Mariupol family's escape from 'hell on Earth'
Less than a month ago Svetlana Vodznyanska-Zhyvoglyad and her family were happily living in Mariupol and then Russia invaded, ITV News Correspondent Geraint Vincent reports
Even if it were possible for journalists to travel easily into Mariupol, I am sure I wouldn’t have the courage to go. So, instead I try to talk to some of the thousands of refugees from that city who have made their way to Lviv, in the west of Ukraine.
They tell stories of a hell on earth. Svetlana Vodznyanska-Zhyvoglyad sits across the table from me with her three children and her husband Roman next to her. Her head is wrapped in a blood-stained bandage and her right eye is swollen and black.
They drove out of their neighbourhood as bombs fell around them. The road was peppered with shell holes and sometimes made impassable by downed power lines.
She shouted at her children to keep looking down at the floor of the car. An attempt to shield them from the terror, and the sight of dead bodies along the roadside.
She is full of the trauma that comes of a living in a city under siege. She describes a place in the centre of town where it was possible to get some phone signal.
Word got around and people began to gather there, desperate to let loved know that they were still alive. And then the Russians bombed it. Many were killed, Svetlana said.
Her whole family have become experts on what Russian weapons sound like.
Her children listen and correct her as she mimics the sound of grad missiles flying over their house. Roman winces as his wife recreates the whooshing noise of a cluster bomb releasing its shrapnel-laden spores.

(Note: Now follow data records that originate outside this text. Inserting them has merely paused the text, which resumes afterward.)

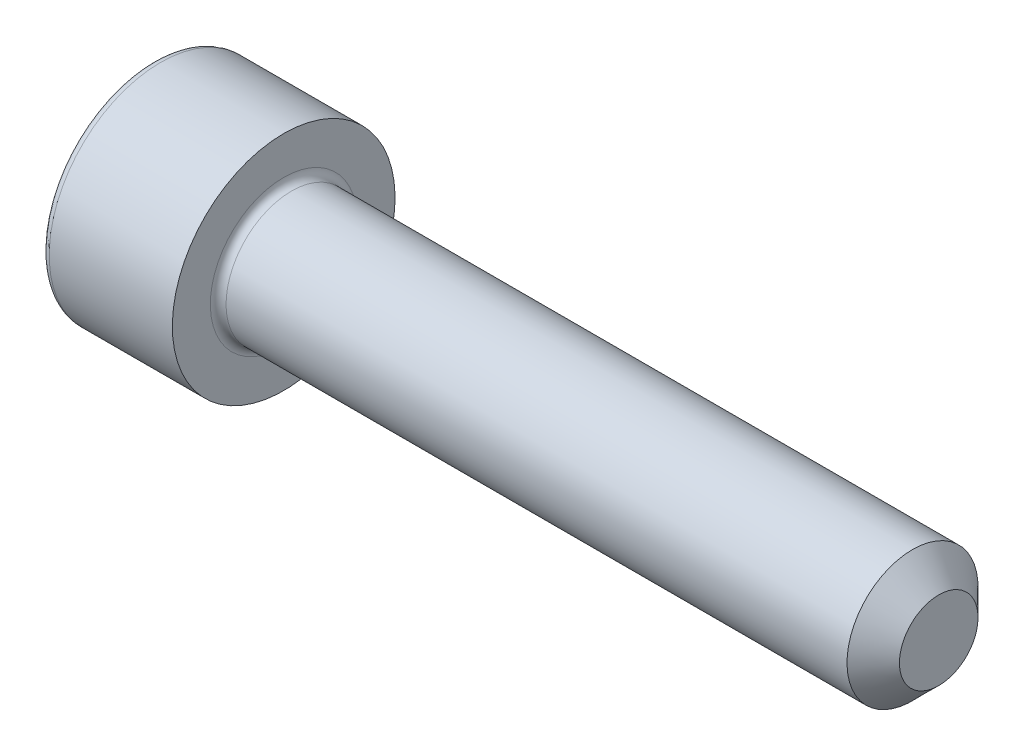
ISO-10303-21;
HEADER;
FILE_DESCRIPTION(('STEP AP214'),'2;1');
FILE_NAME('part.step','',(''),(''),'','','');
FILE_SCHEMA(('AUTOMOTIVE_DESIGN { 1 0 10303 214 1 1 1 1 }'));
ENDSEC;
DATA;
#1=APPLICATION_CONTEXT('core data for automotive mechanical design processes');
#2=APPLICATION_PROTOCOL_DEFINITION('international standard','automotive_design',2000,#1);
#3=PRODUCT_CONTEXT('',#1,'mechanical');
#4=PRODUCT('Part','Part','',(#3));
#5=PRODUCT_RELATED_PRODUCT_CATEGORY('part','',(#4));
#6=PRODUCT_DEFINITION_FORMATION('','',#4);
#7=PRODUCT_DEFINITION_CONTEXT('part definition',#1,'design');
#8=PRODUCT_DEFINITION('design','',#6,#7);
#9=PRODUCT_DEFINITION_SHAPE('','',#8);
#10=(LENGTH_UNIT() NAMED_UNIT(*) SI_UNIT(.MILLI.,.METRE.));
#11=(NAMED_UNIT(*) PLANE_ANGLE_UNIT() SI_UNIT($,.RADIAN.));
#12=(NAMED_UNIT(*) SI_UNIT($,.STERADIAN.) SOLID_ANGLE_UNIT());
#13=UNCERTAINTY_MEASURE_WITH_UNIT(LENGTH_MEASURE(1.E-05),#10,'distance_accuracy_value','');
#14=(GEOMETRIC_REPRESENTATION_CONTEXT(3) GLOBAL_UNCERTAINTY_ASSIGNED_CONTEXT((#13)) GLOBAL_UNIT_ASSIGNED_CONTEXT((#10,
#11,#12)) REPRESENTATION_CONTEXT('',''));
#15=CARTESIAN_POINT('',(0.,0.,0.));
#16=DIRECTION('',(0.,0.,1.));
#17=DIRECTION('',(1.,0.,0.));
#18=AXIS2_PLACEMENT_3D('',#15,#16,#17);
#19=CARTESIAN_POINT('',(0.,0.,0.));
#20=DIRECTION('',(-1.,0.,0.));
#21=DIRECTION('',(0.,-1.,0.));
#22=AXIS2_PLACEMENT_3D('',#19,#20,#21);
#23=PLANE('',#22);
#24=CARTESIAN_POINT('',(0.,0.,0.));
#25=DIRECTION('',(-1.,0.,0.));
#26=DIRECTION('',(0.,-1.,0.));
#27=AXIS2_PLACEMENT_3D('',#24,#25,#26);
#28=CIRCLE('',#27,3.95);
#29=CARTESIAN_POINT('',(0.,-3.95,0.));
#30=VERTEX_POINT('',#29);
#31=EDGE_CURVE('E158',#30,#30,#28,.T.);
#32=ORIENTED_EDGE('',*,*,#31,.T.);
#33=EDGE_LOOP('',(#32));
#34=FACE_BOUND('',#33,.T.);
#35=DIRECTION('',(0.,0.,-1.));
#36=VECTOR('',#35,1.);
#37=CARTESIAN_POINT('',(0.,2.,1.15470053837925));
#38=LINE('',#37,#36);
#39=CARTESIAN_POINT('',(0.,2.,1.15470053837925));
#40=VERTEX_POINT('',#39);
#41=CARTESIAN_POINT('',(0.,2.,-1.15470053837925));
#42=VERTEX_POINT('',#41);
#43=EDGE_CURVE('E54',#40,#42,#38,.T.);
#44=ORIENTED_EDGE('',*,*,#43,.F.);
#45=DIRECTION('',(0.,0.866025403784439,-0.5));
#46=VECTOR('',#45,1.);
#47=CARTESIAN_POINT('',(0.,0.,2.3094010767585));
#48=LINE('',#47,#46);
#49=CARTESIAN_POINT('',(0.,0.,2.3094010767585));
#50=VERTEX_POINT('',#49);
#51=EDGE_CURVE('E137',#50,#40,#48,.T.);
#52=ORIENTED_EDGE('',*,*,#51,.F.);
#53=DIRECTION('',(0.,0.866025403784438,0.5));
#54=VECTOR('',#53,1.);
#55=CARTESIAN_POINT('',(0.,-2.,1.15470053837925));
#56=LINE('',#55,#54);
#57=CARTESIAN_POINT('',(0.,-2.,1.15470053837925));
#58=VERTEX_POINT('',#57);
#59=EDGE_CURVE('E135',#58,#50,#56,.T.);
#60=ORIENTED_EDGE('',*,*,#59,.F.);
#61=DIRECTION('',(0.,0.,1.));
#62=VECTOR('',#61,1.);
#63=CARTESIAN_POINT('',(0.,-2.,-1.15470053837925));
#64=LINE('',#63,#62);
#65=CARTESIAN_POINT('',(0.,-2.,-1.15470053837925));
#66=VERTEX_POINT('',#65);
#67=EDGE_CURVE('E102',#66,#58,#64,.T.);
#68=ORIENTED_EDGE('',*,*,#67,.F.);
#69=DIRECTION('',(0.,-0.866025403784439,0.5));
#70=VECTOR('',#69,1.);
#71=CARTESIAN_POINT('',(0.,0.,-2.3094010767585));
#72=LINE('',#71,#70);
#73=CARTESIAN_POINT('',(0.,0.,-2.3094010767585));
#74=VERTEX_POINT('',#73);
#75=EDGE_CURVE('E131',#74,#66,#72,.T.);
#76=ORIENTED_EDGE('',*,*,#75,.F.);
#77=DIRECTION('',(0.,-0.866025403784439,-0.5));
#78=VECTOR('',#77,1.);
#79=CARTESIAN_POINT('',(0.,2.,-1.15470053837925));
#80=LINE('',#79,#78);
#81=EDGE_CURVE('E128',#42,#74,#80,.T.);
#82=ORIENTED_EDGE('',*,*,#81,.F.);
#83=EDGE_LOOP('',(#44,#52,#60,#68,#76,#82));
#84=FACE_BOUND('',#83,.T.);
#85=ADVANCED_FACE('F38',(#34,#84),#23,.T.);
#86=CARTESIAN_POINT('',(30.,0.,0.));
#87=DIRECTION('',(1.,0.,0.));
#88=DIRECTION('',(0.,1.,0.));
#89=AXIS2_PLACEMENT_3D('',#86,#87,#88);
#90=CYLINDRICAL_SURFACE('',#89,4.25);
#91=CARTESIAN_POINT('',(0.300000000000002,0.,0.));
#92=DIRECTION('',(-1.,0.,0.));
#93=DIRECTION('',(0.,-1.,0.));
#94=AXIS2_PLACEMENT_3D('',#91,#92,#93);
#95=CIRCLE('',#94,4.25);
#96=CARTESIAN_POINT('',(0.300000000000002,-4.25,0.));
#97=VERTEX_POINT('',#96);
#98=EDGE_CURVE('E155',#97,#97,#95,.F.);
#99=ORIENTED_EDGE('',*,*,#98,.T.);
#100=EDGE_LOOP('',(#99));
#101=FACE_BOUND('',#100,.T.);
#102=CARTESIAN_POINT('',(5.,0.,0.));
#103=DIRECTION('',(1.,0.,0.));
#104=DIRECTION('',(0.,1.,0.));
#105=AXIS2_PLACEMENT_3D('',#102,#103,#104);
#106=CIRCLE('',#105,4.25);
#107=CARTESIAN_POINT('',(5.,4.25,0.));
#108=VERTEX_POINT('',#107);
#109=EDGE_CURVE('E141',#108,#108,#106,.T.);
#110=ORIENTED_EDGE('',*,*,#109,.F.);
#111=EDGE_LOOP('',(#110));
#112=FACE_BOUND('',#111,.T.);
#113=ADVANCED_FACE('F175',(#101,#112),#90,.T.);
#114=CARTESIAN_POINT('',(5.,4.25,0.));
#115=DIRECTION('',(1.,0.,0.));
#116=DIRECTION('',(0.,1.,0.));
#117=AXIS2_PLACEMENT_3D('',#114,#115,#116);
#118=PLANE('',#117);
#119=CARTESIAN_POINT('',(5.,0.,0.));
#120=DIRECTION('',(1.,0.,0.));
#121=DIRECTION('',(0.,1.,0.));
#122=AXIS2_PLACEMENT_3D('',#119,#120,#121);
#123=CIRCLE('',#122,2.8);
#124=CARTESIAN_POINT('',(5.,2.8,0.));
#125=VERTEX_POINT('',#124);
#126=EDGE_CURVE('E152',#125,#125,#123,.F.);
#127=ORIENTED_EDGE('',*,*,#126,.T.);
#128=EDGE_LOOP('',(#127));
#129=FACE_BOUND('',#128,.T.);
#130=ORIENTED_EDGE('',*,*,#109,.T.);
#131=EDGE_LOOP('',(#130));
#132=FACE_BOUND('',#131,.T.);
#133=ADVANCED_FACE('F181',(#129,#132),#118,.T.);
#134=CARTESIAN_POINT('',(30.,0.,0.));
#135=DIRECTION('',(1.,0.,0.));
#136=DIRECTION('',(0.,1.,0.));
#137=AXIS2_PLACEMENT_3D('',#134,#135,#136);
#138=CYLINDRICAL_SURFACE('',#137,2.5);
#139=CARTESIAN_POINT('',(29.,0.,0.));
#140=DIRECTION('',(1.,0.,0.));
#141=DIRECTION('',(0.,1.,0.));
#142=AXIS2_PLACEMENT_3D('',#139,#140,#141);
#143=CIRCLE('',#142,2.5);
#144=CARTESIAN_POINT('',(29.,2.5,0.));
#145=VERTEX_POINT('',#144);
#146=EDGE_CURVE('E11',#145,#145,#143,.F.);
#147=ORIENTED_EDGE('',*,*,#146,.T.);
#148=EDGE_LOOP('',(#147));
#149=FACE_BOUND('',#148,.T.);
#150=CARTESIAN_POINT('',(5.3,0.,0.));
#151=DIRECTION('',(1.,0.,0.));
#152=DIRECTION('',(0.,1.,0.));
#153=AXIS2_PLACEMENT_3D('',#150,#151,#152);
#154=CIRCLE('',#153,2.5);
#155=CARTESIAN_POINT('',(5.3,2.5,0.));
#156=VERTEX_POINT('',#155);
#157=EDGE_CURVE('E149',#156,#156,#154,.T.);
#158=ORIENTED_EDGE('',*,*,#157,.T.);
#159=EDGE_LOOP('',(#158));
#160=FACE_BOUND('',#159,.T.);
#161=ADVANCED_FACE('F198',(#149,#160),#138,.T.);
#162=CARTESIAN_POINT('',(30.,2.5,0.));
#163=DIRECTION('',(1.,0.,0.));
#164=DIRECTION('',(0.,1.,0.));
#165=AXIS2_PLACEMENT_3D('',#162,#163,#164);
#166=PLANE('',#165);
#167=CARTESIAN_POINT('',(30.,0.,0.));
#168=DIRECTION('',(1.,0.,0.));
#169=DIRECTION('',(0.,1.,0.));
#170=AXIS2_PLACEMENT_3D('',#167,#168,#169);
#171=CIRCLE('',#170,1.5);
#172=CARTESIAN_POINT('',(30.,1.50000000000001,0.));
#173=VERTEX_POINT('',#172);
#174=EDGE_CURVE('E47',#173,#173,#171,.T.);
#175=ORIENTED_EDGE('',*,*,#174,.T.);
#176=EDGE_LOOP('',(#175));
#177=FACE_BOUND('',#176,.T.);
#178=ADVANCED_FACE('F163',(#177),#166,.T.);
#179=CARTESIAN_POINT('',(2.5,2.,1.15470053837925));
#180=DIRECTION('',(0.,1.,0.));
#181=DIRECTION('',(-1.,0.,0.));
#182=AXIS2_PLACEMENT_3D('',#179,#180,#181);
#183=PLANE('',#182);
#184=ORIENTED_EDGE('',*,*,#43,.T.);
#185=DIRECTION('',(-1.,0.,0.));
#186=VECTOR('',#185,1.);
#187=CARTESIAN_POINT('',(2.5,2.,-1.15470053837925));
#188=LINE('',#187,#186);
#189=CARTESIAN_POINT('',(2.5,2.,-1.15470053837925));
#190=VERTEX_POINT('',#189);
#191=EDGE_CURVE('E84',#190,#42,#188,.T.);
#192=ORIENTED_EDGE('',*,*,#191,.F.);
#193=DIRECTION('',(0.,0.,-1.));
#194=VECTOR('',#193,1.);
#195=CARTESIAN_POINT('',(2.5,2.,1.15470053837925));
#196=LINE('',#195,#194);
#197=CARTESIAN_POINT('',(2.5,2.,1.15470053837925));
#198=VERTEX_POINT('',#197);
#199=EDGE_CURVE('E139',#198,#190,#196,.T.);
#200=ORIENTED_EDGE('',*,*,#199,.F.);
#201=DIRECTION('',(-1.,0.,0.));
#202=VECTOR('',#201,1.);
#203=CARTESIAN_POINT('',(2.5,2.,1.15470053837925));
#204=LINE('',#203,#202);
#205=EDGE_CURVE('E62',#198,#40,#204,.T.);
#206=ORIENTED_EDGE('',*,*,#205,.T.);
#207=EDGE_LOOP('',(#184,#192,#200,#206));
#208=FACE_BOUND('',#207,.T.);
#209=ADVANCED_FACE('F206',(#208),#183,.F.);
#210=CARTESIAN_POINT('',(2.5,0.,2.3094010767585));
#211=DIRECTION('',(0.,0.5,0.866025403784439));
#212=DIRECTION('',(0.,-0.866025403784439,0.5));
#213=AXIS2_PLACEMENT_3D('',#210,#211,#212);
#214=PLANE('',#213);
#215=ORIENTED_EDGE('',*,*,#51,.T.);
#216=ORIENTED_EDGE('',*,*,#205,.F.);
#217=DIRECTION('',(0.,0.866025403784439,-0.5));
#218=VECTOR('',#217,1.);
#219=CARTESIAN_POINT('',(2.5,0.,2.3094010767585));
#220=LINE('',#219,#218);
#221=CARTESIAN_POINT('',(2.5,0.,2.3094010767585));
#222=VERTEX_POINT('',#221);
#223=EDGE_CURVE('E114',#222,#198,#220,.T.);
#224=ORIENTED_EDGE('',*,*,#223,.F.);
#225=DIRECTION('',(-1.,0.,0.));
#226=VECTOR('',#225,1.);
#227=CARTESIAN_POINT('',(2.5,0.,2.3094010767585));
#228=LINE('',#227,#226);
#229=EDGE_CURVE('E106',#222,#50,#228,.T.);
#230=ORIENTED_EDGE('',*,*,#229,.T.);
#231=EDGE_LOOP('',(#215,#216,#224,#230));
#232=FACE_BOUND('',#231,.T.);
#233=ADVANCED_FACE('F212',(#232),#214,.F.);
#234=CARTESIAN_POINT('',(2.5,-2.,1.15470053837925));
#235=DIRECTION('',(0.,-0.5,0.866025403784438));
#236=DIRECTION('',(0.,-0.866025403784439,-0.5));
#237=AXIS2_PLACEMENT_3D('',#234,#235,#236);
#238=PLANE('',#237);
#239=ORIENTED_EDGE('',*,*,#59,.T.);
#240=ORIENTED_EDGE('',*,*,#229,.F.);
#241=DIRECTION('',(0.,0.866025403784438,0.5));
#242=VECTOR('',#241,1.);
#243=CARTESIAN_POINT('',(2.5,-2.,1.15470053837925));
#244=LINE('',#243,#242);
#245=CARTESIAN_POINT('',(2.5,-2.,1.15470053837925));
#246=VERTEX_POINT('',#245);
#247=EDGE_CURVE('E110',#246,#222,#244,.T.);
#248=ORIENTED_EDGE('',*,*,#247,.F.);
#249=DIRECTION('',(-1.,0.,0.));
#250=VECTOR('',#249,1.);
#251=CARTESIAN_POINT('',(2.5,-2.,1.15470053837925));
#252=LINE('',#251,#250);
#253=EDGE_CURVE('E95',#246,#58,#252,.T.);
#254=ORIENTED_EDGE('',*,*,#253,.T.);
#255=EDGE_LOOP('',(#239,#240,#248,#254));
#256=FACE_BOUND('',#255,.T.);
#257=ADVANCED_FACE('F111',(#256),#238,.F.);
#258=CARTESIAN_POINT('',(2.5,-2.,-1.15470053837925));
#259=DIRECTION('',(0.,-1.,0.));
#260=DIRECTION('',(0.,0.,-1.));
#261=AXIS2_PLACEMENT_3D('',#258,#259,#260);
#262=PLANE('',#261);
#263=ORIENTED_EDGE('',*,*,#67,.T.);
#264=ORIENTED_EDGE('',*,*,#253,.F.);
#265=DIRECTION('',(0.,0.,1.));
#266=VECTOR('',#265,1.);
#267=CARTESIAN_POINT('',(2.5,-2.,-1.15470053837925));
#268=LINE('',#267,#266);
#269=CARTESIAN_POINT('',(2.5,-2.,-1.15470053837925));
#270=VERTEX_POINT('',#269);
#271=EDGE_CURVE('E99',#270,#246,#268,.T.);
#272=ORIENTED_EDGE('',*,*,#271,.F.);
#273=DIRECTION('',(-1.,0.,0.));
#274=VECTOR('',#273,1.);
#275=CARTESIAN_POINT('',(2.5,-2.,-1.15470053837925));
#276=LINE('',#275,#274);
#277=EDGE_CURVE('E107',#270,#66,#276,.T.);
#278=ORIENTED_EDGE('',*,*,#277,.T.);
#279=EDGE_LOOP('',(#263,#264,#272,#278));
#280=FACE_BOUND('',#279,.T.);
#281=ADVANCED_FACE('F97',(#280),#262,.F.);
#282=CARTESIAN_POINT('',(2.5,0.,-2.3094010767585));
#283=DIRECTION('',(0.,-0.5,-0.866025403784439));
#284=DIRECTION('',(0.,0.866025403784439,-0.5));
#285=AXIS2_PLACEMENT_3D('',#282,#283,#284);
#286=PLANE('',#285);
#287=ORIENTED_EDGE('',*,*,#75,.T.);
#288=ORIENTED_EDGE('',*,*,#277,.F.);
#289=DIRECTION('',(0.,-0.866025403784439,0.5));
#290=VECTOR('',#289,1.);
#291=CARTESIAN_POINT('',(2.5,0.,-2.3094010767585));
#292=LINE('',#291,#290);
#293=CARTESIAN_POINT('',(2.5,0.,-2.3094010767585));
#294=VERTEX_POINT('',#293);
#295=EDGE_CURVE('E120',#294,#270,#292,.T.);
#296=ORIENTED_EDGE('',*,*,#295,.F.);
#297=DIRECTION('',(-1.,0.,0.));
#298=VECTOR('',#297,1.);
#299=CARTESIAN_POINT('',(2.5,0.,-2.3094010767585));
#300=LINE('',#299,#298);
#301=EDGE_CURVE('E144',#294,#74,#300,.T.);
#302=ORIENTED_EDGE('',*,*,#301,.T.);
#303=EDGE_LOOP('',(#287,#288,#296,#302));
#304=FACE_BOUND('',#303,.T.);
#305=ADVANCED_FACE('F215',(#304),#286,.F.);
#306=CARTESIAN_POINT('',(2.5,2.,-1.15470053837925));
#307=DIRECTION('',(0.,0.5,-0.866025403784439));
#308=DIRECTION('',(0.,0.866025403784439,0.5));
#309=AXIS2_PLACEMENT_3D('',#306,#307,#308);
#310=PLANE('',#309);
#311=ORIENTED_EDGE('',*,*,#81,.T.);
#312=ORIENTED_EDGE('',*,*,#301,.F.);
#313=DIRECTION('',(0.,-0.866025403784439,-0.5));
#314=VECTOR('',#313,1.);
#315=CARTESIAN_POINT('',(2.5,2.,-1.15470053837925));
#316=LINE('',#315,#314);
#317=EDGE_CURVE('E122',#190,#294,#316,.T.);
#318=ORIENTED_EDGE('',*,*,#317,.F.);
#319=ORIENTED_EDGE('',*,*,#191,.T.);
#320=EDGE_LOOP('',(#311,#312,#318,#319));
#321=FACE_BOUND('',#320,.T.);
#322=ADVANCED_FACE('F192',(#321),#310,.F.);
#323=CARTESIAN_POINT('',(2.5,0.,0.));
#324=DIRECTION('',(-1.,0.,0.));
#325=DIRECTION('',(0.,-1.,0.));
#326=AXIS2_PLACEMENT_3D('',#323,#324,#325);
#327=PLANE('',#326);
#328=ORIENTED_EDGE('',*,*,#199,.T.);
#329=ORIENTED_EDGE('',*,*,#317,.T.);
#330=ORIENTED_EDGE('',*,*,#295,.T.);
#331=ORIENTED_EDGE('',*,*,#271,.T.);
#332=ORIENTED_EDGE('',*,*,#247,.T.);
#333=ORIENTED_EDGE('',*,*,#223,.T.);
#334=EDGE_LOOP('',(#328,#329,#330,#331,#332,#333));
#335=FACE_BOUND('',#334,.T.);
#336=ADVANCED_FACE('F117',(#335),#327,.T.);
#337=CARTESIAN_POINT('',(5.3,0.,0.));
#338=DIRECTION('',(1.,0.,0.));
#339=DIRECTION('',(0.,1.,0.));
#340=AXIS2_PLACEMENT_3D('',#337,#338,#339);
#341=TOROIDAL_SURFACE('',#340,2.8,0.3);
#342=ORIENTED_EDGE('',*,*,#126,.F.);
#343=EDGE_LOOP('',(#342));
#344=FACE_BOUND('',#343,.T.);
#345=ORIENTED_EDGE('',*,*,#157,.F.);
#346=EDGE_LOOP('',(#345));
#347=FACE_BOUND('',#346,.T.);
#348=ADVANCED_FACE('F171',(#344,#347),#341,.F.);
#349=CARTESIAN_POINT('',(0.300000000000002,0.,0.));
#350=DIRECTION('',(-1.,0.,0.));
#351=DIRECTION('',(0.,-1.,0.));
#352=AXIS2_PLACEMENT_3D('',#349,#350,#351);
#353=TOROIDAL_SURFACE('',#352,3.95,0.3);
#354=ORIENTED_EDGE('',*,*,#31,.F.);
#355=EDGE_LOOP('',(#354));
#356=FACE_BOUND('',#355,.T.);
#357=ORIENTED_EDGE('',*,*,#98,.F.);
#358=EDGE_LOOP('',(#357));
#359=FACE_BOUND('',#358,.T.);
#360=ADVANCED_FACE('F166',(#356,#359),#353,.T.);
#361=CARTESIAN_POINT('',(30.,0.,0.));
#362=DIRECTION('',(-1.,0.,0.));
#363=DIRECTION('',(0.,-1.,0.));
#364=AXIS2_PLACEMENT_3D('',#361,#362,#363);
#365=CONICAL_SURFACE('',#364,1.5,0.785398163397445);
#366=ORIENTED_EDGE('',*,*,#146,.F.);
#367=EDGE_LOOP('',(#366));
#368=FACE_BOUND('',#367,.T.);
#369=ORIENTED_EDGE('',*,*,#174,.F.);
#370=EDGE_LOOP('',(#369));
#371=FACE_BOUND('',#370,.T.);
#372=ADVANCED_FACE('F41',(#368,#371),#365,.T.);
#373=CLOSED_SHELL('',(#85,#113,#133,#161,#178,#209,#233,#257,#281,#305,#322,#336,#348,#360,#372));
#374=MANIFOLD_SOLID_BREP('B2',#373);
#375=ADVANCED_BREP_SHAPE_REPRESENTATION('',(#18,#374),#14);
#376=SHAPE_DEFINITION_REPRESENTATION(#9,#375);
ENDSEC;
END-ISO-10303-21;

The eldest daughter, Diana weeps with anger. Her beautiful city has been destroyed. Not even a month ago she was studying for her high school diploma.
Now her school no longer exists. Atrocity is not enough to describe what the Russians have done, she says.
The family is outraged, angry and determined. "Our soldiers will defend our city, and we will return, to repair what has been broken," promises Svetlana.
Her younger daughter lifts her head and looks straight at me as she says it. Their defiance fills the room.
An elderly gentleman - a friend of the family has stood in the corner throughout our conversation, but has said nothing. As we said our goodbyes, one of our local translators, Cristina, asked him about the progress of the battle for the city.
Is Mariupol still ours?
The old man replied with two words. ‘Mariupol nemayer.’ Mariupol is no more.